Now, for the information about K2SO4, you should ignore it because the question asks for the mass of BaSO4 precipitated, not K2SO4.
In Part B, your calculations were correct, but you made a mistake in your interpretation of the result. You found the mass of BaSO4 for BaCl2 as 2.08 g and for K2SO4 as 10.4 g. However, remember that you are determining the mass of BaSO4 that should precipitate, meaning the actual mass of BaSO4 formed from the limiting reactant. In this case, the limiting reactant is BaCl2 because its amount is lesser.

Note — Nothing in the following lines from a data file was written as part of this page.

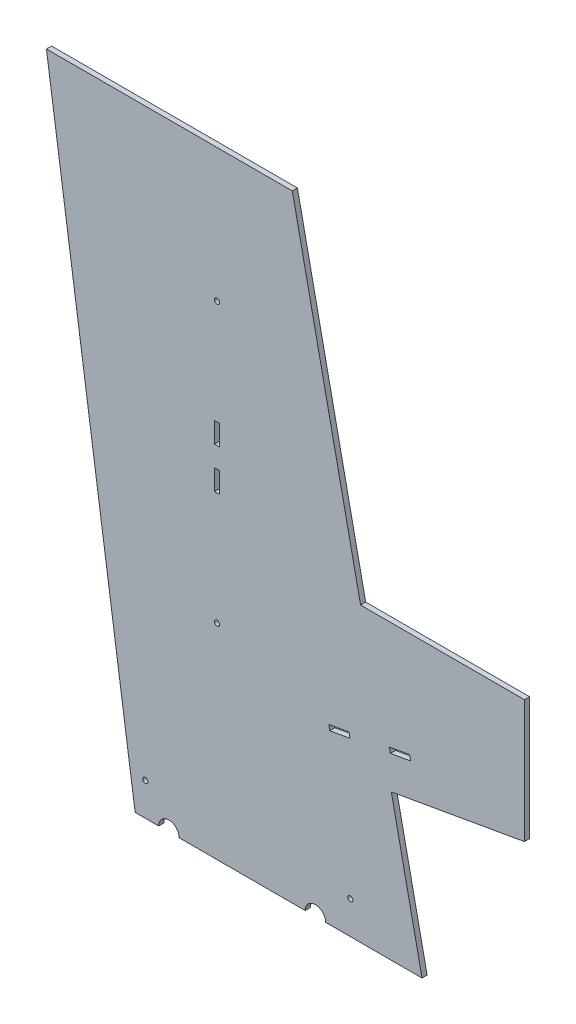
ISO-10303-21;
HEADER;
FILE_DESCRIPTION(('STEP AP214'),'2;1');
FILE_NAME('part.step','',(''),(''),'','','');
FILE_SCHEMA(('AUTOMOTIVE_DESIGN { 1 0 10303 214 1 1 1 1 }'));
ENDSEC;
DATA;
#1=APPLICATION_CONTEXT('core data for automotive mechanical design processes');
#2=APPLICATION_PROTOCOL_DEFINITION('international standard','automotive_design',2000,#1);
#3=PRODUCT_CONTEXT('',#1,'mechanical');
#4=PRODUCT('Part','Part','',(#3));
#5=PRODUCT_RELATED_PRODUCT_CATEGORY('part','',(#4));
#6=PRODUCT_DEFINITION_FORMATION('','',#4);
#7=PRODUCT_DEFINITION_CONTEXT('part definition',#1,'design');
#8=PRODUCT_DEFINITION('design','',#6,#7);
#9=PRODUCT_DEFINITION_SHAPE('','',#8);
#10=(LENGTH_UNIT() NAMED_UNIT(*) SI_UNIT(.MILLI.,.METRE.));
#11=(NAMED_UNIT(*) PLANE_ANGLE_UNIT() SI_UNIT($,.RADIAN.));
#12=(NAMED_UNIT(*) SI_UNIT($,.STERADIAN.) SOLID_ANGLE_UNIT());
#13=UNCERTAINTY_MEASURE_WITH_UNIT(LENGTH_MEASURE(1.E-05),#10,'distance_accuracy_value','');
#14=(GEOMETRIC_REPRESENTATION_CONTEXT(3) GLOBAL_UNCERTAINTY_ASSIGNED_CONTEXT((#13)) GLOBAL_UNIT_ASSIGNED_CONTEXT((#10,
#11,#12)) REPRESENTATION_CONTEXT('',''));
#15=CARTESIAN_POINT('',(0.,0.,0.));
#16=DIRECTION('',(0.,0.,1.));
#17=DIRECTION('',(1.,0.,0.));
#18=AXIS2_PLACEMENT_3D('',#15,#16,#17);
#19=CARTESIAN_POINT('',(0.,0.,3.175));
#20=DIRECTION('',(0.,1.,0.));
#21=DIRECTION('',(-1.,0.,0.));
#22=AXIS2_PLACEMENT_3D('',#19,#20,#21);
#23=PLANE('',#22);
#24=DIRECTION('',(1.,0.,0.));
#25=VECTOR('',#24,1.);
#26=CARTESIAN_POINT('',(0.,0.,3.175));
#27=LINE('',#26,#25);
#28=CARTESIAN_POINT('',(-150.495,0.,3.175));
#29=VERTEX_POINT('',#28);
#30=CARTESIAN_POINT('',(-72.39,0.,3.175));
#31=VERTEX_POINT('',#30);
#32=EDGE_CURVE('E270',#29,#31,#27,.T.);
#33=ORIENTED_EDGE('',*,*,#32,.F.);
#34=DIRECTION('',(0.,0.,-1.));
#35=VECTOR('',#34,1.);
#36=CARTESIAN_POINT('',(-150.495,0.,5.08));
#37=LINE('',#36,#35);
#38=CARTESIAN_POINT('',(-150.495,0.,0.));
#39=VERTEX_POINT('',#38);
#40=EDGE_CURVE('E299',#29,#39,#37,.T.);
#41=ORIENTED_EDGE('',*,*,#40,.T.);
#42=DIRECTION('',(1.,0.,0.));
#43=VECTOR('',#42,1.);
#44=CARTESIAN_POINT('',(0.,0.,0.));
#45=LINE('',#44,#43);
#46=CARTESIAN_POINT('',(-72.39,0.,0.));
#47=VERTEX_POINT('',#46);
#48=EDGE_CURVE('E240',#39,#47,#45,.T.);
#49=ORIENTED_EDGE('',*,*,#48,.T.);
#50=DIRECTION('',(0.,0.,-1.));
#51=VECTOR('',#50,1.);
#52=CARTESIAN_POINT('',(-72.39,0.,5.08));
#53=LINE('',#52,#51);
#54=EDGE_CURVE('E48',#47,#31,#53,.F.);
#55=ORIENTED_EDGE('',*,*,#54,.T.);
#56=EDGE_LOOP('',(#33,#41,#49,#55));
#57=FACE_BOUND('',#56,.T.);
#58=ADVANCED_FACE('F33',(#57),#23,.F.);
#59=CARTESIAN_POINT('',(-59.69,0.,3.175));
#60=VERTEX_POINT('',#59);
#61=CARTESIAN_POINT('',(0.,0.,3.175));
#62=VERTEX_POINT('',#61);
#63=EDGE_CURVE('E231',#60,#62,#27,.T.);
#64=ORIENTED_EDGE('',*,*,#63,.F.);
#65=DIRECTION('',(0.,0.,-1.));
#66=VECTOR('',#65,1.);
#67=CARTESIAN_POINT('',(-59.69,0.,5.08));
#68=LINE('',#67,#66);
#69=CARTESIAN_POINT('',(-59.69,0.,0.));
#70=VERTEX_POINT('',#69);
#71=EDGE_CURVE('E217',#60,#70,#68,.T.);
#72=ORIENTED_EDGE('',*,*,#71,.T.);
#73=CARTESIAN_POINT('',(0.,0.,0.));
#74=VERTEX_POINT('',#73);
#75=EDGE_CURVE('E229',#70,#74,#45,.T.);
#76=ORIENTED_EDGE('',*,*,#75,.T.);
#77=DIRECTION('',(0.,0.,-1.));
#78=VECTOR('',#77,1.);
#79=CARTESIAN_POINT('',(0.,0.,3.175));
#80=LINE('',#79,#78);
#81=EDGE_CURVE('E269',#62,#74,#80,.T.);
#82=ORIENTED_EDGE('',*,*,#81,.F.);
#83=EDGE_LOOP('',(#64,#72,#76,#82));
#84=FACE_BOUND('',#83,.T.);
#85=ADVANCED_FACE('F227',(#84),#23,.F.);
#86=CARTESIAN_POINT('',(-80.3656,382.27,3.175));
#87=DIRECTION('',(-0.978607698485662,-0.205735199867684,0.));
#88=DIRECTION('',(0.205735199867684,-0.978607698485662,0.));
#89=AXIS2_PLACEMENT_3D('',#86,#87,#88);
#90=PLANE('',#89);
#91=DIRECTION('',(-0.205735199867683,0.978607698485662,0.));
#92=VECTOR('',#91,1.);
#93=CARTESIAN_POINT('',(-80.3656,382.27,3.175));
#94=LINE('',#93,#92);
#95=CARTESIAN_POINT('',(-38.0822669770181,181.143526549975,3.175));
#96=VERTEX_POINT('',#95);
#97=CARTESIAN_POINT('',(-80.3656,382.27,3.175));
#98=VERTEX_POINT('',#97);
#99=EDGE_CURVE('E248',#96,#98,#94,.T.);
#100=ORIENTED_EDGE('',*,*,#99,.F.);
#101=DIRECTION('',(0.,0.,-1.));
#102=VECTOR('',#101,1.);
#103=CARTESIAN_POINT('',(-38.0822669770181,181.143526549975,3.175));
#104=LINE('',#103,#102);
#105=CARTESIAN_POINT('',(-38.0822669770181,181.143526549975,0.));
#106=VERTEX_POINT('',#105);
#107=EDGE_CURVE('E439',#96,#106,#104,.T.);
#108=ORIENTED_EDGE('',*,*,#107,.T.);
#109=DIRECTION('',(-0.205735199867683,0.978607698485662,0.));
#110=VECTOR('',#109,1.);
#111=CARTESIAN_POINT('',(-80.3656,382.27,0.));
#112=LINE('',#111,#110);
#113=CARTESIAN_POINT('',(-80.3656,382.27,0.));
#114=VERTEX_POINT('',#113);
#115=EDGE_CURVE('E272',#106,#114,#112,.T.);
#116=ORIENTED_EDGE('',*,*,#115,.T.);
#117=DIRECTION('',(0.,0.,-1.));
#118=VECTOR('',#117,1.);
#119=CARTESIAN_POINT('',(-80.3656,382.27,3.175));
#120=LINE('',#119,#118);
#121=EDGE_CURVE('E282',#98,#114,#120,.T.);
#122=ORIENTED_EDGE('',*,*,#121,.F.);
#123=EDGE_LOOP('',(#100,#108,#116,#122));
#124=FACE_BOUND('',#123,.T.);
#125=ADVANCED_FACE('F474',(#124),#90,.F.);
#126=CARTESIAN_POINT('',(-19.004144454778,90.395819862329,0.));
#127=VERTEX_POINT('',#126);
#128=EDGE_CURVE('E239',#74,#127,#112,.T.);
#129=ORIENTED_EDGE('',*,*,#128,.T.);
#130=DIRECTION('',(0.,0.,1.));
#131=VECTOR('',#130,1.);
#132=CARTESIAN_POINT('',(-19.004144454778,90.3958198623291,3.175));
#133=LINE('',#132,#131);
#134=CARTESIAN_POINT('',(-19.004144454778,90.395819862329,3.175));
#135=VERTEX_POINT('',#134);
#136=EDGE_CURVE('E434',#127,#135,#133,.T.);
#137=ORIENTED_EDGE('',*,*,#136,.T.);
#138=EDGE_CURVE('E252',#62,#135,#94,.T.);
#139=ORIENTED_EDGE('',*,*,#138,.F.);
#140=ORIENTED_EDGE('',*,*,#81,.T.);
#141=EDGE_LOOP('',(#129,#137,#139,#140));
#142=FACE_BOUND('',#141,.T.);
#143=ADVANCED_FACE('F35',(#142),#90,.F.);
#144=CARTESIAN_POINT('',(-232.7656,382.27,3.175));
#145=DIRECTION('',(0.,-1.,0.));
#146=DIRECTION('',(1.,0.,0.));
#147=AXIS2_PLACEMENT_3D('',#144,#145,#146);
#148=PLANE('',#147);
#149=DIRECTION('',(-1.,0.,0.));
#150=VECTOR('',#149,1.);
#151=CARTESIAN_POINT('',(-232.7656,382.27,0.));
#152=LINE('',#151,#150);
#153=CARTESIAN_POINT('',(-232.7656,382.27,0.));
#154=VERTEX_POINT('',#153);
#155=EDGE_CURVE('E244',#114,#154,#152,.T.);
#156=ORIENTED_EDGE('',*,*,#155,.T.);
#157=DIRECTION('',(0.,0.,-1.));
#158=VECTOR('',#157,1.);
#159=CARTESIAN_POINT('',(-232.7656,382.27,3.175));
#160=LINE('',#159,#158);
#161=CARTESIAN_POINT('',(-232.7656,382.27,3.175));
#162=VERTEX_POINT('',#161);
#163=EDGE_CURVE('E279',#162,#154,#160,.T.);
#164=ORIENTED_EDGE('',*,*,#163,.F.);
#165=DIRECTION('',(-1.,0.,0.));
#166=VECTOR('',#165,1.);
#167=CARTESIAN_POINT('',(-232.7656,382.27,3.175));
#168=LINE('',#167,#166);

So the correct mass of BaSO4 that should precipitate for Part B is 2.08 g, not 2.33 g.
Again, for the information about K2SO4, you can ignore it.
For Part C, you need to repeat the same calculations as Part B, considering BaCl2 as the limiting reactant.
So the correct mass of BaSO4 that should precipitate for Part C is also 2.08 g, not 2.33 g.
In summary:
- For Part A, the mass of BaSO4 that should precipitate is 10.4 g.
- For Parts B and C, the mass of BaSO4 that should precipitate is 2.08 g.
Remember to always consider the limiting reactant when calculating the mass of the precipitate.